» What the task requires: Please return the lines of the data that contain "Solver".

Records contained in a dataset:

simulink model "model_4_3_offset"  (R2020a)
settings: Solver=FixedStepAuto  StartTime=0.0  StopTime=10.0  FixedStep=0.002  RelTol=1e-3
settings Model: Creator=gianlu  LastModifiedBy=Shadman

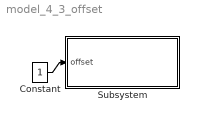
== system model_4_3_offset ==
  Constant : Constant
  Subsystem : Subsystem  StopFcn=|
      | % Cart dimensions
      | x_size = 0.2;
      | y_size = 0.05;
      | wheel_radius = 0.025
      | wheel_pos = 0.08
      | %%
      | % Cart body
      | x = [ - x_size, x_size, x_size, -x_size];
      | y = [ - y_size, -y_size, y_size, y_size];
      | 
      | %%
      | g = hgtransform;
      | %%
      | patch('XData',x,'YData',y,'FaceColor','red','Parent',g)
      | 
      | % Left wheel
      | theta = linspace(0, 2*pi, 15);
      | l_x = - wheel_pos + wheel_radius * cos(theta);
      | l_y = -(y_size + wheel_radius) + wheel_radius * sin(theta);
      | l = hgtransform;
      | patch('XData',l_x,'YData',l_y,'FaceColor','black','Parent', l)
      | 
      | 
      | % Right wheel
      | r_x = wheel_pos + wheel_radius*cos(theta);
      | r_y = -(y_size + wheel_radius) + wheel_radius*sin(theta);
      | r = hgtransform;
      | patch('XData',r_x,'YData',r_y,'FaceColor','black','Parent', r)
      | 
      | 
      | % Plot settings
      | axis equal
      | title('Cart animation')
      | set(gca,'YColor','none')
      | 
      | xlim([-1.5 1.5])
      | ylim([-(y_size+2*wheel_radius), 3 * y_size])
      | set(gca, 'Ytick', [])
      | pt1 = [0 0 0];
      | pt2 = [3 0 0];
      | %%
      | data_pos = out.sim_data_cart.signals.values(:,1);
      | tot_time_step=size(out.tout)/10;
      | 
      | %%
      | for i=1:1:tot_time_step(1)
      |   transf = makehgtform('translate', [1 0 0] * data_pos(i*5));
      |   set(g, 'Matrix', transf);
      |   set(l, 'Matrix', transf);
      |   set(r, 'Matrix', transf);
      | 
      |   %g.Matrix = makehgtform('translate', [1 0 0] * data_pos(i));
      |   %l.Matrix = makehgtform('translate', [1 0 0] * data_pos(i));
      |   %right.Matrix = makehgtform('translate', [1 0 0] * data_pos(i));
      |   %drawnow limitrate
      |   pause(0.02)
      | end
  wires:
  Constant/1 -> Subsystem/1("offset ")

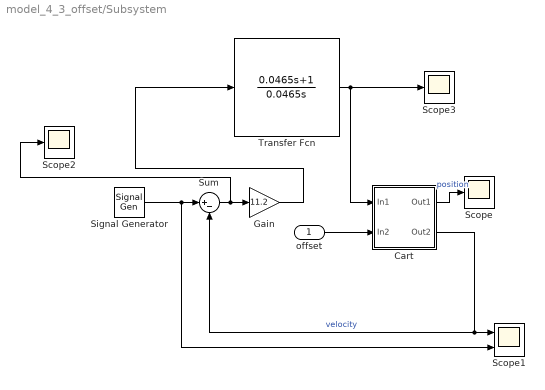
== system model_4_3_offset/Subsystem ==
  "offset " : Inport
  "Cart " : Subsystem  TreatAsAtomicUnit=on
  Gain : Gain  Gain=11.2
  Scope : Scope
  Scope1 : Scope  NumInputPorts=2
  Scope2 : Scope
  Scope3 : Scope
  Signal Generator : SignalGenerator  WaveForm=square  Amplitude=0.2  Frequency=0.5
  Sum : Sum  Inputs=|+-
  Transfer Fcn : TransferFcn  Numerator=[0.0465 1]  Denominator=[0.0465 0]
  wires:
  "offset "/1 -> "Cart "/2(In2)
  "Cart "/1(Out1) -> Scope/1  "position"
  "Cart "/2(Out2) -> Sum/2, Scope1/1  "velocity"
  Signal Generator/1 -> Scope1/2, Sum/1
  Transfer Fcn/1 -> Scope3/1, "Cart "/1(In1)
  Sum/1 -> Scope2/1, Gain/1
  Gain/1 -> Transfer Fcn/1

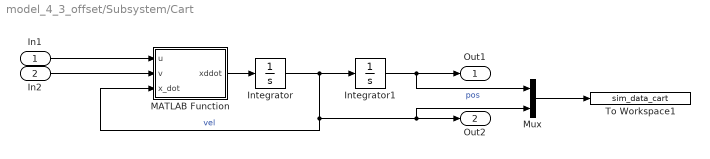
== system model_4_3_offset/Subsystem/Cart  ==
  In1 : Inport
  In2 : Inport  Port=2
  Integrator : Integrator
  Integrator1 : Integrator
  MATLAB Function : MATLAB Function  TreatAsAtomicUnit=on
  Mux : Mux  Inputs=2
  To Workspace1 : ToWorkspace  VariableName=sim_data_cart  SaveFormat=Structure With Time  SampleTime=-1
  Out1 : Outport
  Out2 : Outport  Port=2
  wires:
  MATLAB Function/1(xddot) -> Integrator/1
  Integrator/1 -> Mux/2, Out2/1, MATLAB Function/3(x_dot), Integrator1/1  "vel"
  In1/1 -> MATLAB Function/1(u)
  Integrator1/1 -> Mux/1, Out1/1  "pos"
  Mux/1 -> To Workspace1/1
  In2/1 -> MATLAB Function/2(v)

== matlab function model_4_3_offset/Subsystem/Cart /MATLAB Function ==
  data: u input; v input; xddot output; x_dot input
function xddot = fcn(u, v, x_dot)
% Dynamics settings. Check the accessory file []
alpha = 1.7189;
beta = 7.682;
M = 0.455;
% slope in radians
theta = 10 * pi / 180;
g = 9.81;
F = alpha * u - beta * x_dot;
% Friction coefficient 0.1 is chose arbitrarily (in a reasonable range anyway)
F_fric = -0.1 * x_dot;
xddot = (F + F_fric)/M + v * g * sin(theta);
simulink model "mrefrobotarm_modified_previous_y_previous_u_previous_ref_pert_2"  (R2018b)
settings: Solver=FixedStepAuto  StartTime=0.0  StopTime=60  RelTol=1e-3  AbsTol=1e-6
undefined symbols (not defined in the file or in its folder): cc, options
libraries: neural x858, simulink x1
(part 20 of 32)

== system mrefrobotarm_modified_previous_y_previous_u_previous_ref_pert_2/m=0 sd=0.3/Layer 3/Delays 1 ==
  "p{3}" : Inport  PortDimensions=30
      mask Display: e = 0.06;c1 = [120 230 180]/255;c2 = ([120 230 180]+0)/(256+128);c3 = ([120 230 180]+128)/(256+128);patch([0 1 1 0],[0 0 1 1],c1);patch([0 1 1 1-e 1-e 0+e],[0 0 1 1-e 0+e 0+e],c2);patch([0 0 1 1-e 0+e 0+e],[0 1 1 1-e 1-e 0+e],c3);plot([0 1 1 0 0],[0 0 1 1 0]);
  mux : Mux  Inputs=1
      mask Display: e = 0.06;c1 = [120 150 230]/255;c2 = ([120 150 230]+0)/383;c3 = ([120 150 230]+128)/383;patch([0 1 1 0],[0 0 1 1],c1);patch([0 1 1 1-e 1-e 0+e],[0 0 1 1-e 0+e 0+e],c2);patch([0 0 1 1-e 0+e 0+e],[0 1 1 1-e 1-e 0+e],c3);plot([0 1 1 0 0],[0 0 1 1 0]);disp('Mux')
  "pd{3,2}" : Outport
      mask Display: e = 0.06;c1 = [120 230 180]/255;c2 = ([120 230 180]+0)/(256+128);c3 = ([120 230 180]+128)/(256+128);patch([0 1 1 0],[0 0 1 1],c1);patch([0 1 1 1-e 1-e 0+e],[0 0 1 1-e 0+e 0+e],c2);patch([0 0 1 1-e 0+e 0+e],[0 1 1 1-e 1-e 0+e],c3);plot([0 1 1 0 0],[0 0 1 1 0]);
  wires:
  "p{3}"/1 -> mux/1
  mux/1 -> "pd{3,2}"/1

== system mrefrobotarm_modified_previous_y_previous_u_previous_ref_pert_2/m=0 sd=0.3/Layer 3/LW{3,2} ==
  "ad{3,2}" : Inport  PortDimensions=30
      mask Display: e = 0.06;c1 = [120 230 180]/255;c2 = ([120 230 180]+0)/(256+128);c3 = ([120 230 180]+128)/(256+128);patch([0 1 1 0],[0 0 1 1],c1);patch([0 1 1 1-e 1-e 0+e],[0 0 1 1-e 0+e 0+e],c2);patch([0 0 1 1-e 0+e 0+e],[0 1 1 1-e 1-e 0+e],c3);plot([0 1 1 0 0],[0 0 1 1 0]);
  "IW{3,2}(1,:)'" : Constant  Value=[0.00073031899760629269587053347123628554982133209705352783203125;0.00015755393865115070316414158657636335192364640533924102783203125;-0.001153726580471188360721424004395885276608169078826904296875;-0.000147810248176156772310918530166645723511464893817901611328125;-0.0003676237953308994737926240770065078322659246623516082763671875;2.047747561014855666172707060468383133411407470703125;-0.000120078654340241940796062125595966563196270726621150970458984375;-0.0001517146347455816213049828444781041980604641139507293701171875;0.001069066277835455623657079371469080797396600246429443359375;-0.000455869268953239151036249676707257094676606357097625732421875;-0.000131416867977301771337750313506376187433488667011260986328125;0.0021027852077354597208624920057218332658521831035614013671875;-0.000428718552194034228930430430182241252623498439788818359375;0.000668702472228331818750179937893562964745797216892242431640625;-0.0002648472831370911047092764345478599352645687758922576904296875;-0.00225575463499039750858710107195292948745191097259521484375;-9.959793829520429873057574265970970373018644750118255615234375e-05;0.00081342038300134486029924207883823328302241861820220947265625;-0.000264647625776768852419451594215615841676481068134307861328125;0.000243069440059264798258131801134140914655290544033050537109375;0.0002546442972532542343457040434628879665979184210300445556640625;-0.000265938721012887375506894560572845875867642462253570556640625;2.880739455805856856908213348145153531731921248137950897216796875e-05;0.0002520358189922171517592663914086870136088691651821136474609375;0.000356179041941332113867246800253951732884161174297332763671875;-0.00126836362647298286389363486392767299548722803592681884765625;-0.00020884518780916460647077703693952344110584817826747894287109375;-0.00105229721959188590556244502494109838153235614299774169921875;0.00416506829530418308527028870003050542436540126800537109375;-0.000261752708499157099066023679512227317900396883487701416015625]
      mask Display: e = 0.06;c1 = [120 150 230]/255;c2 = ([120 150 230]+0)/383;c3 = ([120 150 230]+128)/383;patch([0 1 1 0],[0 0 1 1],c1);patch([0 1 1 1-e 1-e 0+e],[0 0 1 1-e 0+e 0+e],c2);patch([0 0 1 1-e 0+e 0+e],[0 1 1 1-e 1-e 0+e],c3);plot([0 1 1 0 0],[0 0 1 1 0]);disp('weights');
  Mux : Mux  Inputs=1
      mask Display: e = 0.06;c1 = [120 150 230]/255;c2 = ([120 150 230]+0)/383;c3 = ([120 150 230]+128)/383;patch([0 1 1 0],[0 0 1 1],c1);patch([0 1 1 1-e 1-e 0+e],[0 0 1 1-e 0+e 0+e],c2);patch([0 0 1 1-e 0+e 0+e],[0 1 1 1-e 1-e 0+e],c3);plot([0 1 1 0 0],[0 0 1 1 0]);disp('Mux');
  dotprod1 : neural/Weight Functions/dotprod
  "lz{3,2}" : Outport
      mask Display: e = 0.06;c1 = [120 230 180]/255;c2 = ([120 230 180]+0)/(256+128);c3 = ([120 230 180]+128)/(256+128);patch([0 1 1 0],[0 0 1 1],c1);patch([0 1 1 1-e 1-e 0+e],[0 0 1 1-e 0+e 0+e],c2);patch([0 0 1 1-e 0+e 0+e],[0 1 1 1-e 1-e 0+e],c3);plot([0 1 1 0 0],[0 0 1 1 0]);
  wires:
  "IW{3,2}(1,:)'"/1 -> dotprod1/1
  "ad{3,2}"/1 -> dotprod1/2
  dotprod1/1 -> Mux/1
  Mux/1 -> "lz{3,2}"/1

== system mrefrobotarm_modified_previous_y_previous_u_previous_ref_pert_2/m=0 sd=0.4/Layer 1/Delays 1 ==
  "p{1}" : Inport  PortDimensions=10
      mask Display: e = 0.06;c1 = [120 230 180]/255;c2 = ([120 230 180]+0)/(256+128);c3 = ([120 230 180]+128)/(256+128);patch([0 1 1 0],[0 0 1 1],c1);patch([0 1 1 1-e 1-e 0+e],[0 0 1 1-e 0+e 0+e],c2);patch([0 0 1 1-e 0+e 0+e],[0 1 1 1-e 1-e 0+e],c3);plot([0 1 1 0 0],[0 0 1 1 0]);
  mux : Mux  Inputs=1
      mask Display: e = 0.06;c1 = [120 150 230]/255;c2 = ([120 150 230]+0)/383;c3 = ([120 150 230]+128)/383;patch([0 1 1 0],[0 0 1 1],c1);patch([0 1 1 1-e 1-e 0+e],[0 0 1 1-e 0+e 0+e],c2);patch([0 0 1 1-e 0+e 0+e],[0 1 1 1-e 1-e 0+e],c3);plot([0 1 1 0 0],[0 0 1 1 0]);disp('Mux')
  "pd{1,1}" : Outport
      mask Display: e = 0.06;c1 = [120 230 180]/255;c2 = ([120 230 180]+0)/(256+128);c3 = ([120 230 180]+128)/(256+128);patch([0 1 1 0],[0 0 1 1],c1);patch([0 1 1 1-e 1-e 0+e],[0 0 1 1-e 0+e 0+e],c2);patch([0 0 1 1-e 0+e 0+e],[0 1 1 1-e 1-e 0+e],c3);plot([0 1 1 0 0],[0 0 1 1 0]);
  wires:
  "p{1}"/1 -> mux/1
  mux/1 -> "pd{1,1}"/1

== system mrefrobotarm_modified_previous_y_previous_u_previous_ref_pert_2/m=0 sd=0.4/Layer 1/IW{1,1} ==
  "pd{1,1}" : Inport  PortDimensions=10
      mask Display: e = 0.06;c1 = [120 230 180]/255;c2 = ([120 230 180]+0)/(256+128);c3 = ([120 230 180]+128)/(256+128);patch([0 1 1 0],[0 0 1 1],c1);patch([0 1 1 1-e 1-e 0+e],[0 0 1 1-e 0+e 0+e],c2);patch([0 0 1 1-e 0+e 0+e],[0 1 1 1-e 1-e 0+e],c3);plot([0 1 1 0 0],[0 0 1 1 0]);
  "IW{1,1}(1,:)'" : Constant  Value=[4.35535709086524747135626967065036296844482421875;2.42555138809412351719174694153480231761932373046875;-3.131200533605130065240018666372634470462799072265625;-0.5094204285878898286199500944348983466625213623046875;-4.1124371498059364427035689004696905612945556640625;0.51883527624200365124806921812705695629119873046875;6.2562144583090031346728210337460041046142578125;6.60866111511276432821659909677691757678985595703125;-18.935865072294749467118890606798231601715087890625;-15.8212895515813567470786438207142055034637451171875]
      mask Display: e = 0.06;c1 = [120 150 230]/255;c2 = ([120 150 230]+0)/383;c3 = ([120 150 230]+128)/383;patch([0 1 1 0],[0 0 1 1],c1);patch([0 1 1 1-e 1-e 0+e],[0 0 1 1-e 0+e 0+e],c2);patch([0 0 1 1-e 0+e 0+e],[0 1 1 1-e 1-e 0+e],c3);plot([0 1 1 0 0],[0 0 1 1 0]);disp('Weights');
  "IW{1,1}(10,:)'" : Constant  Value=[0.53661031067499298519152262088027782738208770751953125;-1.5017668136177440008083294742391444742679595947265625;0.7806843435083996585177601446048356592655181884765625;-0.04055167714109038368253123962858808226883411407470703125;0.46745642085633065665462027027388103306293487548828125;-0.2664486916861605880768593124230392277240753173828125;-0.46684646576965327380293047099257819354534149169921875;-0.29181588578157813262947684052051045000553131103515625;0.985643356544671167540627720882184803485870361328125;0.50112926067407881358661825288436375558376312255859375]
      mask Display: e = 0.06;c1 = [120 150 230]/255;c2 = ([120 150 230]+0)/383;c3 = ([120 150 230]+128)/383;patch([0 1 1 0],[0 0 1 1],c1);patch([0 1 1 1-e 1-e 0+e],[0 0 1 1-e 0+e 0+e],c2);patch([0 0 1 1-e 0+e 0+e],[0 1 1 1-e 1-e 0+e],c3);plot([0 1 1 0 0],[0 0 1 1 0]);disp('Weights');
  "IW{1,1}(11,:)'" : Constant  Value=[-1.6208798224016811584391462019993923604488372802734375;0.447427977253705144722317754713003523647785186767578125;0.4326080920180384037365683980169706046581268310546875;-0.35807065114767600011447257202235050499439239501953125;0.1833514237293495108271912386044277809560298919677734375;-0.498128112866548067305672020665952004492282867431640625;-0.475650781956347523671269073020084761083126068115234375;-0.46513054714543067280629884407971985638141632080078125;0.65795479078694996122322891096700914204120635986328125;0.25047233937190338526335153801483102142810821533203125]
      mask Display: e = 0.06;c1 = [120 150 230]/255;c2 = ([120 150 230]+0)/383;c3 = ([120 150 230]+128)/383;patch([0 1 1 0],[0 0 1 1],c1);patch([0 1 1 1-e 1-e 0+e],[0 0 1 1-e 0+e 0+e],c2);patch([0 0 1 1-e 0+e 0+e],[0 1 1 1-e 1-e 0+e],c3);plot([0 1 1 0 0],[0 0 1 1 0]);disp('Weights');
  "IW{1,1}(12,:)'" : Constant  Value=[0.89487420700217013003197052967152558267116546630859375;0.0736102811658177202946973238795180805027484893798828125;-0.72097767859178352178872728472924791276454925537109375;0.343010449570382291994974366389214992523193359375;0.05526766853889926445209113126111333258450031280517578125;0.1617754949706347866733580076470389030873775482177734375;-0.09925881285950004240259403331947396509349346160888671875;-0.09491493432806123731193537196304532699286937713623046875;0.266775373828542938792196537178824655711650848388671875;0.296807590311673086258537068715668283402919769287109375]
      mask Display: e = 0.06;c1 = [120 150 230]/255;c2 = ([120 150 230]+0)/383;c3 = ([120 150 230]+128)/383;patch([0 1 1 0],[0 0 1 1],c1);patch([0 1 1 1-e 1-e 0+e],[0 0 1 1-e 0+e 0+e],c2);patch([0 0 1 1-e 0+e 0+e],[0 1 1 1-e 1-e 0+e],c3);plot([0 1 1 0 0],[0 0 1 1 0]);disp('Weights');
  "IW{1,1}(13,:)'" : Constant  Value=[1.0693210911560055986768702496192418038845062255859375;-0.921086541198619546122472456772811710834503173828125;-0.39419926353010570352353170164860785007476806640625;0.6864400832934258733786236916785128414630889892578125;0.13946629961123024887825749829062260687351226806640625;2.8551210111443499073402563226409256458282470703125;-2.673885338519812915336615333217196166515350341796875;-0.434420113181992195716674132199841551482677459716796875;7.617755568501014096227663685567677021026611328125;6.32093063063102977849894159589894115924835205078125]
      mask Display: e = 0.06;c1 = [120 150 230]/255;c2 = ([120 150 230]+0)/383;c3 = ([120 150 230]+128)/383;patch([0 1 1 0],[0 0 1 1],c1);patch([0 1 1 1-e 1-e 0+e],[0 0 1 1-e 0+e 0+e],c2);patch([0 0 1 1-e 0+e 0+e],[0 1 1 1-e 1-e 0+e],c3);plot([0 1 1 0 0],[0 0 1 1 0]);disp('Weights');
  "IW{1,1}(14,:)'" : Constant  Value=[1.58733266996484001509770678239874541759490966796875;-1.9550364500455401639555930159986019134521484375;1.193738170368206841231994985719211399555206298828125;0.1743957236971513113932275018669315613806247711181640625;-0.495270571163230866051918610537541098892688751220703125;0.86398853547281861953166526291170157492160797119140625;0.6502199929278200674076515497290529310703277587890625;0.88327744406018349199172234875732101500034332275390625;-0.7161113464611228440759305158280767500400543212890625;1.1400929339190881695031976050813682377338409423828125]
      mask Display: e = 0.06;c1 = [120 150 230]/255;c2 = ([120 150 230]+0)/383;c3 = ([120 150 230]+128)/383;patch([0 1 1 0],[0 0 1 1],c1);patch([0 1 1 1-e 1-e 0+e],[0 0 1 1-e 0+e 0+e],c2);patch([0 0 1 1-e 0+e 0+e],[0 1 1 1-e 1-e 0+e],c3);plot([0 1 1 0 0],[0 0 1 1 0]);disp('Weights');
  "IW{1,1}(15,:)'" : Constant  Value=[0.45779947364027151479604071937501430511474609375;0.70223579556577020444052550374181009829044342041015625;-0.1281575453302842004799089181688032113015651702880859375;0.12564794902972320489453750269603915512561798095703125;-0.381645372211093292236228080582804977893829345703125;-0.0204190490741921228112776276475415215827524662017822265625;1.0790025966145158076159304982866160571575164794921875;0.287301338557884256008634338286356069147586822509765625;-2.2765111432902305210745907970704138278961181640625;-0.86693087767997401016373260063119232654571533203125]
      mask Display: e = 0.06;c1 = [120 150 230]/255;c2 = ([120 150 230]+0)/383;c3 = ([120 150 230]+128)/383;patch([0 1 1 0],[0 0 1 1],c1);patch([0 1 1 1-e 1-e 0+e],[0 0 1 1-e 0+e 0+e],c2);patch([0 0 1 1-e 0+e 0+e],[0 1 1 1-e 1-e 0+e],c3);plot([0 1 1 0 0],[0 0 1 1 0]);disp('Weights');
  "IW{1,1}(16,:)'" : Constant  Value=[-0.644829761134828149948816644609905779361724853515625;-0.727248367863640776675993038224987685680389404296875;0.642172797313289578369221999309957027435302734375;-0.1544356102039684819349218969364301301538944244384765625;0.61056512859092892941959007657715119421482086181640625;-0.03939013350661614565328960679835290648043155670166015625;-1.547345311753695273893072226201184093952178955078125;-0.9522101260489979068779575754888355731964111328125;3.588158009025375516642952788970433175563812255859375;1.101826384053964602571795694530010223388671875]
      mask Display: e = 0.06;c1 = [120 150 230]/255;c2 = ([120 150 230]+0)/383;c3 = ([120 150 230]+128)/383;patch([0 1 1 0],[0 0 1 1],c1);patch([0 1 1 1-e 1-e 0+e],[0 0 1 1-e 0+e 0+e],c2);patch([0 0 1 1-e 0+e 0+e],[0 1 1 1-e 1-e 0+e],c3);plot([0 1 1 0 0],[0 0 1 1 0]);disp('Weights');
  "IW{1,1}(17,:)'" : Constant  Value=[-0.66194244928404233352381424992927350103855133056640625;-0.2665429905093981144403869620873592793941497802734375;-0.301912534226966566830441252022865228354930877685546875;-0.01267580209757014804428099097322046873159706592559814453125;0.016298170872502480699406390840522362850606441497802734375;0.76567598401868919300028437646687962114810943603515625;-0.5780755859313588818082507714279927313327789306640625;0.61347984886140760618644662827136926352977752685546875;0.82586594226612108915475118919857777655124664306640625;0.357691319136484497942518601121264509856700897216796875]
      mask Display: e = 0.06;c1 = [120 150 230]/255;c2 = ([120 150 230]+0)/383;c3 = ([120 150 230]+128)/383;patch([0 1 1 0],[0 0 1 1],c1);patch([0 1 1 1-e 1-e 0+e],[0 0 1 1-e 0+e 0+e],c2);patch([0 0 1 1-e 0+e 0+e],[0 1 1 1-e 1-e 0+e],c3);plot([0 1 1 0 0],[0 0 1 1 0]);disp('Weights');
  "IW{1,1}(18,:)'" : Constant  Value=[-0.97067823603156100364941494262893684208393096923828125;1.5616920167050414303133720750338397920131683349609375;0.06685278736529849663572377949094516225159168243408203125;0.6499214955341046096037871393491514027118682861328125;-0.262065024340278285297500815431703813374042510986328125;0.3975545099891777400813452914007939398288726806640625;0.60984954015118886250235163970501162111759185791015625;0.017787737644496891264989102410254417918622493743896484375;-0.8088427989736384216001852109911851584911346435546875;0.54858819819970217057658601333969272673130035400390625]
      mask Display: e = 0.06;c1 = [120 150 230]/255;c2 = ([120 150 230]+0)/383;c3 = ([120 150 230]+128)/383;patch([0 1 1 0],[0 0 1 1],c1);patch([0 1 1 1-e 1-e 0+e],[0 0 1 1-e 0+e 0+e],c2);patch([0 0 1 1-e 0+e 0+e],[0 1 1 1-e 1-e 0+e],c3);plot([0 1 1 0 0],[0 0 1 1 0]);disp('Weights');
  "IW{1,1}(19,:)'" : Constant  Value=[0.80345850006630448181255133022204972803592681884765625;0.84832037573162877297505701790214516222476959228515625;1.0509933685202230702060433031874708831310272216796875;-0.29945105490784040824792100465856492519378662109375;0.398413544250740880858785430973512120544910430908203125;-0.62906284888617414186029463962768204510211944580078125;0.419253423393185220557910497518605552613735198974609375;0.1668880001276854263547733125960803590714931488037109375;0.325071746813424600208719539295998401939868927001953125;-0.189742461246484805936773909706971608102321624755859375]
      mask Display: e = 0.06;c1 = [120 150 230]/255;c2 = ([120 150 230]+0)/383;c3 = ([120 150 230]+128)/383;patch([0 1 1 0],[0 0 1 1],c1);patch([0 1 1 1-e 1-e 0+e],[0 0 1 1-e 0+e 0+e],c2);patch([0 0 1 1-e 0+e 0+e],[0 1 1 1-e 1-e 0+e],c3);plot([0 1 1 0 0],[0 0 1 1 0]);disp('Weights');
  "IW{1,1}(2,:)'" : Constant  Value=[-0.069682631558683649775076673904550261795520782470703125;-0.1639974482889220708248245728100300766527652740478515625;0.12283683760710613352973297196513158269226551055908203125;-0.4808737441971653314709556070738472044467926025390625;0.1034846041578211528477737601861008442938327789306640625;-0.525225386921444936660918756388127803802490234375;-0.393646581016063923375014610428479500114917755126953125;-0.64042997244119359567804394828272052109241485595703125;0.030514809530166435436182581497632781974971294403076171875;-0.56273534850692008557615508834715001285076141357421875]
      mask Display: e = 0.06;c1 = [120 150 230]/255;c2 = ([120 150 230]+0)/383;c3 = ([120 150 230]+128)/383;patch([0 1 1 0],[0 0 1 1],c1);patch([0 1 1 1-e 1-e 0+e],[0 0 1 1-e 0+e 0+e],c2);patch([0 0 1 1-e 0+e 0+e],[0 1 1 1-e 1-e 0+e],c3);plot([0 1 1 0 0],[0 0 1 1 0]);disp('Weights');
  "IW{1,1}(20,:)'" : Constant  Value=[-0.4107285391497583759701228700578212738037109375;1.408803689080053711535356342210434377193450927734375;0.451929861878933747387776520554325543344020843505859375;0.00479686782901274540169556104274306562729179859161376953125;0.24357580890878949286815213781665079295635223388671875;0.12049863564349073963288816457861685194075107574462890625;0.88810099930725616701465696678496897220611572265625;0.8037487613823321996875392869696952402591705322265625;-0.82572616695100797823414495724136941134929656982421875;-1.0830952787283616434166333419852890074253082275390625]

» Response:
settings: Solver=FixedStepAuto  StartTime=0.0  StopTime=10.0  FixedStep=0.002  RelTol=1e-3
settings: Solver=FixedStepAuto  StartTime=0.0  StopTime=60  RelTol=1e-3  AbsTol=1e-6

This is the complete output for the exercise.